►

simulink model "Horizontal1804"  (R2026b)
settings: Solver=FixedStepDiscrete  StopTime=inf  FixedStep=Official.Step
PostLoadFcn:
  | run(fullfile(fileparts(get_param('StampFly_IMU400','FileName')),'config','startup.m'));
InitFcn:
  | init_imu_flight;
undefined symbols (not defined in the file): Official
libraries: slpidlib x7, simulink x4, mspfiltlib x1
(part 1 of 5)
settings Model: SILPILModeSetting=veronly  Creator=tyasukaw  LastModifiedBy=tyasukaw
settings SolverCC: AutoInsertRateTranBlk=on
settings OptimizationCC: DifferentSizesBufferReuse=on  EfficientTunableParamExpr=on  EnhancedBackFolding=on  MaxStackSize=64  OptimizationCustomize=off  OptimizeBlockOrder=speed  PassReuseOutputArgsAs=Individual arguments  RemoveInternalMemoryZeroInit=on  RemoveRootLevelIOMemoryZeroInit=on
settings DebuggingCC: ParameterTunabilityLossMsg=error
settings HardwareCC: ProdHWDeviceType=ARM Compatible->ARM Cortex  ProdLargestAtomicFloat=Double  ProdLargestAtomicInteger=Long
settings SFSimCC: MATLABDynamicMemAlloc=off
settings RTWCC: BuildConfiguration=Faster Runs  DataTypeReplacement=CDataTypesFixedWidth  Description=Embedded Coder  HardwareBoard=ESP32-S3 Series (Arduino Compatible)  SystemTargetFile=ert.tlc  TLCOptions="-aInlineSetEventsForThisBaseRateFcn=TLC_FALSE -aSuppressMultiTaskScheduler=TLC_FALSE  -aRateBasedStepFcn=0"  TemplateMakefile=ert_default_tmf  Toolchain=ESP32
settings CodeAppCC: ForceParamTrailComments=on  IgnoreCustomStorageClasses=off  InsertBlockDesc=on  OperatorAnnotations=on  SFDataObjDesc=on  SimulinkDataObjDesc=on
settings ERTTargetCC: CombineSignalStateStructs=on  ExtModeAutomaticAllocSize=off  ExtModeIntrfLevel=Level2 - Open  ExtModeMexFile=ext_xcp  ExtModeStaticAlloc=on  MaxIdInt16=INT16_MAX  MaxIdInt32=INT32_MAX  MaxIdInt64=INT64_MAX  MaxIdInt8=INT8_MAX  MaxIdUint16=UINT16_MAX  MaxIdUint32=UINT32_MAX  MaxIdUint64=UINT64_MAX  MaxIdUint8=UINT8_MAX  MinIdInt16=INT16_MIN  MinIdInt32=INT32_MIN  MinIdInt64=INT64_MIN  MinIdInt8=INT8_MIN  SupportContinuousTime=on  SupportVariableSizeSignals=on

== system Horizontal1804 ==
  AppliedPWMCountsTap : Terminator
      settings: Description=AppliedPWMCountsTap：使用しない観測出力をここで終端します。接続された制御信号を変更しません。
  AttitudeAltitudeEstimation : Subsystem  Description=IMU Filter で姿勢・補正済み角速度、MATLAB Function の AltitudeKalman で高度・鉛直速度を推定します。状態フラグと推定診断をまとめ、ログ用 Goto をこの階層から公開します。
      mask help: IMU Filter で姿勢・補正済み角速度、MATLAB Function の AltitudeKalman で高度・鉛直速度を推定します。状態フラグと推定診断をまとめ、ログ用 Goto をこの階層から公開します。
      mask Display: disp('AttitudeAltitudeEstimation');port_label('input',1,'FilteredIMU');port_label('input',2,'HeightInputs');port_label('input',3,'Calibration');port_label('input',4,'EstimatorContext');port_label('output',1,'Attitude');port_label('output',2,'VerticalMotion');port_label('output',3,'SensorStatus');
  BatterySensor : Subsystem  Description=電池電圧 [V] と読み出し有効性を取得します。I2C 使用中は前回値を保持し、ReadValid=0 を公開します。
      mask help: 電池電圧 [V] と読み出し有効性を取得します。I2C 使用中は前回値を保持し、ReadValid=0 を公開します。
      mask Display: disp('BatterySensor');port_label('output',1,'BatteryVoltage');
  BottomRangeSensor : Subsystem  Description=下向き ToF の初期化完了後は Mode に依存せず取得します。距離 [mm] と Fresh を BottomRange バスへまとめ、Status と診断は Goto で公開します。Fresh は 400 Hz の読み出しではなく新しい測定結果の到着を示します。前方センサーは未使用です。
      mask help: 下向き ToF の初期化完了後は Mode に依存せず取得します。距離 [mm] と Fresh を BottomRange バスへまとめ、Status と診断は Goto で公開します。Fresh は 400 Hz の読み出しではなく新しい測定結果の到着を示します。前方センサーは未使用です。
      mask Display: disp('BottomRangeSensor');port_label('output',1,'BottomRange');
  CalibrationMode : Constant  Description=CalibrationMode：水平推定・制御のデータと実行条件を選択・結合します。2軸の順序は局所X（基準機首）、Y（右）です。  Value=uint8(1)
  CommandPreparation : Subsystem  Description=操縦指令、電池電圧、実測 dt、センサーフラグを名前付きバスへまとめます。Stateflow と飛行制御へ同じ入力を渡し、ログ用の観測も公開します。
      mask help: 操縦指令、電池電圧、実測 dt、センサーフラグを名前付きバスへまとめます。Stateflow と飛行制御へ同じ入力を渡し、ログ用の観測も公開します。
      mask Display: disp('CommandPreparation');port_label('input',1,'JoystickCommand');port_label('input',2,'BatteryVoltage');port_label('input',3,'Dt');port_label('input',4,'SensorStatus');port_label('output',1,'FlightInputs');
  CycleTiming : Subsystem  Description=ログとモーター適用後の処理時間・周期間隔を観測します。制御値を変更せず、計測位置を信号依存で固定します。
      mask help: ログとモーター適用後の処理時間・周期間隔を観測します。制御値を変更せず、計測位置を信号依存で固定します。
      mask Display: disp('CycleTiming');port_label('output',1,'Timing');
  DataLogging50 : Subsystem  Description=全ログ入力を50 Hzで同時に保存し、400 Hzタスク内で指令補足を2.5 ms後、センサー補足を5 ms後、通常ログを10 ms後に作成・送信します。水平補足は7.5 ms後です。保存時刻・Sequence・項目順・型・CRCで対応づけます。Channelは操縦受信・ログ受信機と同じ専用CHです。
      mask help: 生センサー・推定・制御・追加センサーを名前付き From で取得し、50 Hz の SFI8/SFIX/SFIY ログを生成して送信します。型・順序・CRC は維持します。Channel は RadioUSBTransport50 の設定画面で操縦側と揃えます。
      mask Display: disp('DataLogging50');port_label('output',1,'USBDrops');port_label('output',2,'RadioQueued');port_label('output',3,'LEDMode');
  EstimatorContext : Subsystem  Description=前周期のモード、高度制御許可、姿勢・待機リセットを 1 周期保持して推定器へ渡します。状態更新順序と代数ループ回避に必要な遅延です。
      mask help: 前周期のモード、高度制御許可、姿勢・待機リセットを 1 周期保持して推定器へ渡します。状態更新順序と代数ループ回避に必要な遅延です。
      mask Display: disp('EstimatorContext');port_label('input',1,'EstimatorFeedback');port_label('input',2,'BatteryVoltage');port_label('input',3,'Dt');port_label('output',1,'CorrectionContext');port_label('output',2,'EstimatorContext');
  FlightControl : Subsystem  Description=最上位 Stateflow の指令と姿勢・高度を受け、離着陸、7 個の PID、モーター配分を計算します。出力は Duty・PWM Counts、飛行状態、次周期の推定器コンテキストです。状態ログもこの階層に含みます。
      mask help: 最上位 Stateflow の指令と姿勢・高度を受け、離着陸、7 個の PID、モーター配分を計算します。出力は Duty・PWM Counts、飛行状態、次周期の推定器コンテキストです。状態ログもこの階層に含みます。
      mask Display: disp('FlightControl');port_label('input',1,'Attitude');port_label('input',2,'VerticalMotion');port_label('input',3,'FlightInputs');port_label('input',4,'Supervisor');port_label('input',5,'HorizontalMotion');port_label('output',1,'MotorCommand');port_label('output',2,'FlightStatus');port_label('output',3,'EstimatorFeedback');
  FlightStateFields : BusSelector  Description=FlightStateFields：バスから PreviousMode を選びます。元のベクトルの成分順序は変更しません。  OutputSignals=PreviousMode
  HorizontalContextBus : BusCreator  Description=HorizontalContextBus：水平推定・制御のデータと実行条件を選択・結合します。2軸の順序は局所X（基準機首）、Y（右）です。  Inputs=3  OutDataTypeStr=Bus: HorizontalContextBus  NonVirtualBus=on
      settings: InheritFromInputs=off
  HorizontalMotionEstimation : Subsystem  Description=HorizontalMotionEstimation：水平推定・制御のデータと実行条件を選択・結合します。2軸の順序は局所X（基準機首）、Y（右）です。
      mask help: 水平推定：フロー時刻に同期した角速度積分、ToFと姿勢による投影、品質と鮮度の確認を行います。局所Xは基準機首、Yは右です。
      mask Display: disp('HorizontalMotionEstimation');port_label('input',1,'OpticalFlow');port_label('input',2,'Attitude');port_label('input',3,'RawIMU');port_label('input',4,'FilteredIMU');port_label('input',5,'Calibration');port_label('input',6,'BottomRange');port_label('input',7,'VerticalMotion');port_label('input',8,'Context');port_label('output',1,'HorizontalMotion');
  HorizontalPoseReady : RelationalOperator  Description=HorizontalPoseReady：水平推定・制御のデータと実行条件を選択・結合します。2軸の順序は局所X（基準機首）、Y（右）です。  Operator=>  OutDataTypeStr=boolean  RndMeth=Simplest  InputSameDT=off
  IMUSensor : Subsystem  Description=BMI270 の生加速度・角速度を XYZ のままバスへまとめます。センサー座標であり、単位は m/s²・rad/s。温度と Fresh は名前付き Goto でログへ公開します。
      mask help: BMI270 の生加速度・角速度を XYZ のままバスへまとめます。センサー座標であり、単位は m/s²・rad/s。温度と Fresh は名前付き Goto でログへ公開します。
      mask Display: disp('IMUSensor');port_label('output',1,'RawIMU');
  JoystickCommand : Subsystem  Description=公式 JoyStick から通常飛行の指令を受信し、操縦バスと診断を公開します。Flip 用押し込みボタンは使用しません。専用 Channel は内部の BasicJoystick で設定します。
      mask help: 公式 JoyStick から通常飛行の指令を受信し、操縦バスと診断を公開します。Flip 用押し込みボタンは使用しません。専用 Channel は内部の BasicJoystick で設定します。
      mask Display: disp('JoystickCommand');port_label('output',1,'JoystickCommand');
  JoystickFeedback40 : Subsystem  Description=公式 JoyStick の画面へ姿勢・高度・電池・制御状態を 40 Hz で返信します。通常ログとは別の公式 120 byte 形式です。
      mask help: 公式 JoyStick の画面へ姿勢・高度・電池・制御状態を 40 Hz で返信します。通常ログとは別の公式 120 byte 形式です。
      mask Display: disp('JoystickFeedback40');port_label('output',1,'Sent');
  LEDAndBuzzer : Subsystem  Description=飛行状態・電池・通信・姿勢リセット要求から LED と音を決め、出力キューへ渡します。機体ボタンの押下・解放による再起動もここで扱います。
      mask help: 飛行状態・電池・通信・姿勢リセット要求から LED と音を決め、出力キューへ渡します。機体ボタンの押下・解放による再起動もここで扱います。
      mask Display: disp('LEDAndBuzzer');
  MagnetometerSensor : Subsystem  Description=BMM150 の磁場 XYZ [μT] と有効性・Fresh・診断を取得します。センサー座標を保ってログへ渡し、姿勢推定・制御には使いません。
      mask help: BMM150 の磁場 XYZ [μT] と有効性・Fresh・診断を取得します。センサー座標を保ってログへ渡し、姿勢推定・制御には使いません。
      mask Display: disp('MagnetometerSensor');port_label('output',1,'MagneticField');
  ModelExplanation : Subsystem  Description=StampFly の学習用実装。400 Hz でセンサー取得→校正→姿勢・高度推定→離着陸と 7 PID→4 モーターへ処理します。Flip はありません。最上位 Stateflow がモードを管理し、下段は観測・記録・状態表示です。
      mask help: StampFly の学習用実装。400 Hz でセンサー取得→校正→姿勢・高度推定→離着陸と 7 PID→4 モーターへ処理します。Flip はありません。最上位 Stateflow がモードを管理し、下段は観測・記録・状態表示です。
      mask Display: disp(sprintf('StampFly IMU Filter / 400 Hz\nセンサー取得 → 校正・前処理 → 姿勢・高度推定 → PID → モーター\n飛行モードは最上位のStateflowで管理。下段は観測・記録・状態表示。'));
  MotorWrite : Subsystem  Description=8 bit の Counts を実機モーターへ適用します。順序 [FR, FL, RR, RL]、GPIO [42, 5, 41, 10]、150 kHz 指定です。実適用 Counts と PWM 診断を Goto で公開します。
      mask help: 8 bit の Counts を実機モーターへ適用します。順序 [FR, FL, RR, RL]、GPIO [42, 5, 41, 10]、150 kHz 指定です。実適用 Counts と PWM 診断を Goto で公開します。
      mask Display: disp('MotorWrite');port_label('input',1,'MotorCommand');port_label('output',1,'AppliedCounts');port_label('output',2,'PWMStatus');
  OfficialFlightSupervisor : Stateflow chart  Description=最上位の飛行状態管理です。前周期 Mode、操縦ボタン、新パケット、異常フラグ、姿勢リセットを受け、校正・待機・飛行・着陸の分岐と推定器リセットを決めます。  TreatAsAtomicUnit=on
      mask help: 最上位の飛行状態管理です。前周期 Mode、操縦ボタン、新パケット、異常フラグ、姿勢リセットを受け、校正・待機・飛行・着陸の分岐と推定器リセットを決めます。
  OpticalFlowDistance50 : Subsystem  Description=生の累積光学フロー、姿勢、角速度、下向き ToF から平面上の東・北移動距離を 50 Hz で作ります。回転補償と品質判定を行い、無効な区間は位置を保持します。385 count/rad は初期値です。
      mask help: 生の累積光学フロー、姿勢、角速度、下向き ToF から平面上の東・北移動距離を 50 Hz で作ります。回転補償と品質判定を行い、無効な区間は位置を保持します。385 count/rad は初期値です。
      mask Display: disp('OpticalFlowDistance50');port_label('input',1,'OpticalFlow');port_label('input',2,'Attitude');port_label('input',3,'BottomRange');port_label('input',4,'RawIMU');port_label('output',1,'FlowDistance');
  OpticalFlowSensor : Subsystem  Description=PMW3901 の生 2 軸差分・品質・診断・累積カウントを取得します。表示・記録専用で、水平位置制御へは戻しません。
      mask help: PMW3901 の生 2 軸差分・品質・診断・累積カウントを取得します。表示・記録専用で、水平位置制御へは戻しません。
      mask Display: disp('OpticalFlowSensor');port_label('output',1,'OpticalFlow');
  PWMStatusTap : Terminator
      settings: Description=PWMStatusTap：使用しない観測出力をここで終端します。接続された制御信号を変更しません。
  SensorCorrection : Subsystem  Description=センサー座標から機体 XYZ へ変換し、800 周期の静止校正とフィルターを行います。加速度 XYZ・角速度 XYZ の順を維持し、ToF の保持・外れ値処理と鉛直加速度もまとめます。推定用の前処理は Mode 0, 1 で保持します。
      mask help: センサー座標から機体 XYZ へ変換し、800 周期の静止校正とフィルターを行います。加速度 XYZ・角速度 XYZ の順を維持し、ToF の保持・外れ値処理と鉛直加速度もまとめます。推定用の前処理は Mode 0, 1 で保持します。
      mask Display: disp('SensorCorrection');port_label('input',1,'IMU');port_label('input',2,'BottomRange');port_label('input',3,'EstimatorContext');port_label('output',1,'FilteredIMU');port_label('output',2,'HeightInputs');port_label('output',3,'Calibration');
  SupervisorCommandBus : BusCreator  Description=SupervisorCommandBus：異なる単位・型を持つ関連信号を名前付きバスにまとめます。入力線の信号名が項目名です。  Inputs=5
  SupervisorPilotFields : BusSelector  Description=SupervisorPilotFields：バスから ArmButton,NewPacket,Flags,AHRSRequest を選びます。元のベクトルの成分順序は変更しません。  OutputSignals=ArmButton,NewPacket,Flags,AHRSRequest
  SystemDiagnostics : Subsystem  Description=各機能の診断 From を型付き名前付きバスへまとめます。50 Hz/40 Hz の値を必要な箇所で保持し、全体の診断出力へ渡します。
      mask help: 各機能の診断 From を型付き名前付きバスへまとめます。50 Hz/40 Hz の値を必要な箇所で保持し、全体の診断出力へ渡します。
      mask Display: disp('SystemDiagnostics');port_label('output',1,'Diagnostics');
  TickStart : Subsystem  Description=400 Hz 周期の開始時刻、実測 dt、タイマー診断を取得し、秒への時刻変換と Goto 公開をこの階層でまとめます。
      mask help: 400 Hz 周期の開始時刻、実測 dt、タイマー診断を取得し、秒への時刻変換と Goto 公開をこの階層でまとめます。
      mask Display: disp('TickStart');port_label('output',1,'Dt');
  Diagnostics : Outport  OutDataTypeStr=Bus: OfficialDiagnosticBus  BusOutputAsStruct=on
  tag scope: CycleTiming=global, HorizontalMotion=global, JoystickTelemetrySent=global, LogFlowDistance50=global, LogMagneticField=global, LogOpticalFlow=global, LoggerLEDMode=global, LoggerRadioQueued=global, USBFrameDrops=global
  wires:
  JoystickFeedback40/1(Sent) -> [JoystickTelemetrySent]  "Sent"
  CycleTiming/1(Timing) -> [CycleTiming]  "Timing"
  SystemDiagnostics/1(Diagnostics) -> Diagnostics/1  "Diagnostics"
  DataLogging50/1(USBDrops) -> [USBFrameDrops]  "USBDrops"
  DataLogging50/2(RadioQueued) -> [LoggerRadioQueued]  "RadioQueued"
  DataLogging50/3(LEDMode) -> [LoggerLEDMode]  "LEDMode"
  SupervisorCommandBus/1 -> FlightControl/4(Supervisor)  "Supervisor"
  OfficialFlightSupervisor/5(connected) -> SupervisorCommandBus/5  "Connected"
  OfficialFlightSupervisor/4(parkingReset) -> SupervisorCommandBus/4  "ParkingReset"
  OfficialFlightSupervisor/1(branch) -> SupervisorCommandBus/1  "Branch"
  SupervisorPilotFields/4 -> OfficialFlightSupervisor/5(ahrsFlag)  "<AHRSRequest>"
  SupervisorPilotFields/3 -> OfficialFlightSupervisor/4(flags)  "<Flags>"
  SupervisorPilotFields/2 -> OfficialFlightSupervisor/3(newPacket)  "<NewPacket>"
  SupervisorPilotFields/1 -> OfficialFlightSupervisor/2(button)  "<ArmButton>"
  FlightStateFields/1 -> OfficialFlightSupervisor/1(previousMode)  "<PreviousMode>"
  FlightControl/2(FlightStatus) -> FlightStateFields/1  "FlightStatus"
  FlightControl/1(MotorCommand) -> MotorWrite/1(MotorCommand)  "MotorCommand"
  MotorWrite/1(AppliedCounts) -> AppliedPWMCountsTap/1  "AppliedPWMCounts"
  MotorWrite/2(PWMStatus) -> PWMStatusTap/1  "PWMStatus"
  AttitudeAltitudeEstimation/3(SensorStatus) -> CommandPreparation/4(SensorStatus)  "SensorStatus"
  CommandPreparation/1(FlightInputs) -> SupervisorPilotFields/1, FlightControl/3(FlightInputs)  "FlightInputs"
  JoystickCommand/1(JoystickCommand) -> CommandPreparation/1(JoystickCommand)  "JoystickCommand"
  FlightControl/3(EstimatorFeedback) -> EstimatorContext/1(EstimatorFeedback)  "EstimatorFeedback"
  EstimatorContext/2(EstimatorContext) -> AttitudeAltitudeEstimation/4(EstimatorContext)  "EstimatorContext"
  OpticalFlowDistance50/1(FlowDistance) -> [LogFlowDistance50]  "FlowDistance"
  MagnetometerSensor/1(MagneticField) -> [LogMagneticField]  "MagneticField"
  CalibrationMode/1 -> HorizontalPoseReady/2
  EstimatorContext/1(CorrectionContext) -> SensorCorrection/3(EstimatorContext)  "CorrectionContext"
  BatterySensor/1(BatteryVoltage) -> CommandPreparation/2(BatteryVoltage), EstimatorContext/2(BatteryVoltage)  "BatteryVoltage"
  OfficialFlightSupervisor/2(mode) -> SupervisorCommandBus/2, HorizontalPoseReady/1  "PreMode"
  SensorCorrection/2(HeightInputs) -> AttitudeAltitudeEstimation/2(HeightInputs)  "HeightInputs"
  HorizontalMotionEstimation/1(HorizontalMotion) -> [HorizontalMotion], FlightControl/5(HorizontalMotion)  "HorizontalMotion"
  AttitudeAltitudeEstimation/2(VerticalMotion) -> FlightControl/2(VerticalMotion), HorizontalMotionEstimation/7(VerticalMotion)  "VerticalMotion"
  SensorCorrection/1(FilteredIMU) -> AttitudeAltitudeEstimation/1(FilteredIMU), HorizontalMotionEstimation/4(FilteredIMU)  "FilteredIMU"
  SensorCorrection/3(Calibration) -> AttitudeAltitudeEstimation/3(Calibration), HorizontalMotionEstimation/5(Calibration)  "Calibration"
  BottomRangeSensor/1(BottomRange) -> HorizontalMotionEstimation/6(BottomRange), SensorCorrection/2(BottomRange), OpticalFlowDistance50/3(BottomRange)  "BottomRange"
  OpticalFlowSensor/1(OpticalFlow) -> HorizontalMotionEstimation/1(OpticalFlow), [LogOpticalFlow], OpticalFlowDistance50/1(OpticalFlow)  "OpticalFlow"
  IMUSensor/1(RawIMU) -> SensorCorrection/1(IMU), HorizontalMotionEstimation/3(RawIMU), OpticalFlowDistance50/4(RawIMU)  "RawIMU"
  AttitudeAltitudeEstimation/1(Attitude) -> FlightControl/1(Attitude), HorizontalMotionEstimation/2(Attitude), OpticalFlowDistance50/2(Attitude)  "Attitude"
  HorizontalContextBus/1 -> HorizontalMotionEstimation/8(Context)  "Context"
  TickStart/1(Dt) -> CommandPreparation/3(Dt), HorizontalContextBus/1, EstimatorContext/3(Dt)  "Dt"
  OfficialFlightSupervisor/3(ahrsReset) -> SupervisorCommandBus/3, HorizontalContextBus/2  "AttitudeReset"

◄

## Work instructions
Reproduce the material above exactly, beginning at its first line and ending with the line that holds "settings RTWCC: BuildConfiguration=Faster". Include nothing else.

## Written reply
simulink model "Horizontal1804"  (R2026b)
settings: Solver=FixedStepDiscrete  StopTime=inf  FixedStep=Official.Step
PostLoadFcn:
  | run(fullfile(fileparts(get_param('StampFly_IMU400','FileName')),'config','startup.m'));
InitFcn:
  | init_imu_flight;
undefined symbols (not defined in the file): Official
libraries: slpidlib x7, simulink x4, mspfiltlib x1
(part 1 of 5)
settings Model: SILPILModeSetting=veronly  Creator=tyasukaw  LastModifiedBy=tyasukaw
settings SolverCC: AutoInsertRateTranBlk=on
settings OptimizationCC: DifferentSizesBufferReuse=on  EfficientTunableParamExpr=on  EnhancedBackFolding=on  MaxStackSize=64  OptimizationCustomize=off  OptimizeBlockOrder=speed  PassReuseOutputArgsAs=Individual arguments  RemoveInternalMemoryZeroInit=on  RemoveRootLevelIOMemoryZeroInit=on
settings DebuggingCC: ParameterTunabilityLossMsg=error
settings HardwareCC: ProdHWDeviceType=ARM Compatible->ARM Cortex  ProdLargestAtomicFloat=Double  ProdLargestAtomicInteger=Long
settings SFSimCC: MATLABDynamicMemAlloc=off
settings RTWCC: BuildConfiguration=Faster Runs  DataTypeReplacement=CDataTypesFixedWidth  Description=Embedded Coder  HardwareBoard=ESP32-S3 Series (Arduino Compatible)  SystemTargetFile=ert.tlc  TLCOptions="-aInlineSetEventsForThisBaseRateFcn=TLC_FALSE -aSuppressMultiTaskScheduler=TLC_FALSE  -aRateBasedStepFcn=0"  TemplateMakefile=ert_default_tmf  Toolchain=ESP32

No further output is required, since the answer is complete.